Sarà una conferenza dal forte valore simbolico e politico, perché si terrà in una delle aree più delicate e decisive della Terra. L’Amazzonia è il polmone verde del mondo e, mai come oggi, è al centro di un equilibrio fragile che riguarda tutti. Per molti osservatori, questa edizione sarà “la COP della verità”, quella in cui la comunità internazionale dovrà trasformare anni di parole in decisioni concrete.
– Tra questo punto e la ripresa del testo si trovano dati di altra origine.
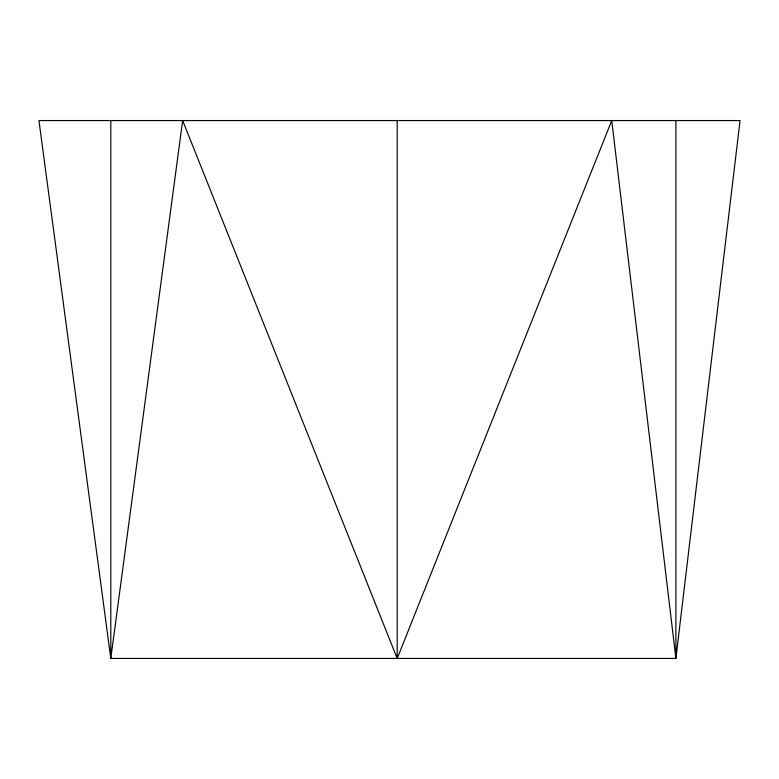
<?xml version="1.0" encoding="UTF-8"?>
<svg xmlns="http://www.w3.org/2000/svg" width="779" height="779" viewBox="0 0 779 779"><rect width="100%" height="100%" fill="white"/><g stroke="black" fill="none" stroke-linecap="round" stroke-linejoin="round"><path stroke-width="1.17" d="M110.803 120.56L110.803 658.44L182.656 120.56L397.202 658.44L611.739 120.56L675.89 658.44L110.803 658.44L38.95 120.56L740.05 120.56L675.89 658.44L675.89 120.56M397.202 120.56L397.202 658.44"/></g></svg>

La sigla COP significa Conference of the Parties ed è il vertice annuale della Convenzione quadro delle Nazioni Unite sui cambiamenti climatici. Si tratta del principale spazio di negoziazione globale sui temi ambientali. È qui che, nel corso degli anni, sono stati siglati accordi che hanno segnato la storia della politica climatica internazionale, come l’Accordo di Kyoto nel 1997 e l’Accordo di Parigi nel 2015.
Ogni COP serve a stabilire nuovi obiettivi, misurare i progressi e definire strategie comuni per contenere l’aumento delle temperature globali. Quella di quest’anno avrà un peso particolare perché segna la fine di un ciclo e l’inizio di un altro. Gli Stati dovranno presentare nuovi piani nazionali più ambiziosi, coerenti con l’obiettivo di mantenere il riscaldamento globale entro 1,5 °C rispetto ai livelli preindustriali.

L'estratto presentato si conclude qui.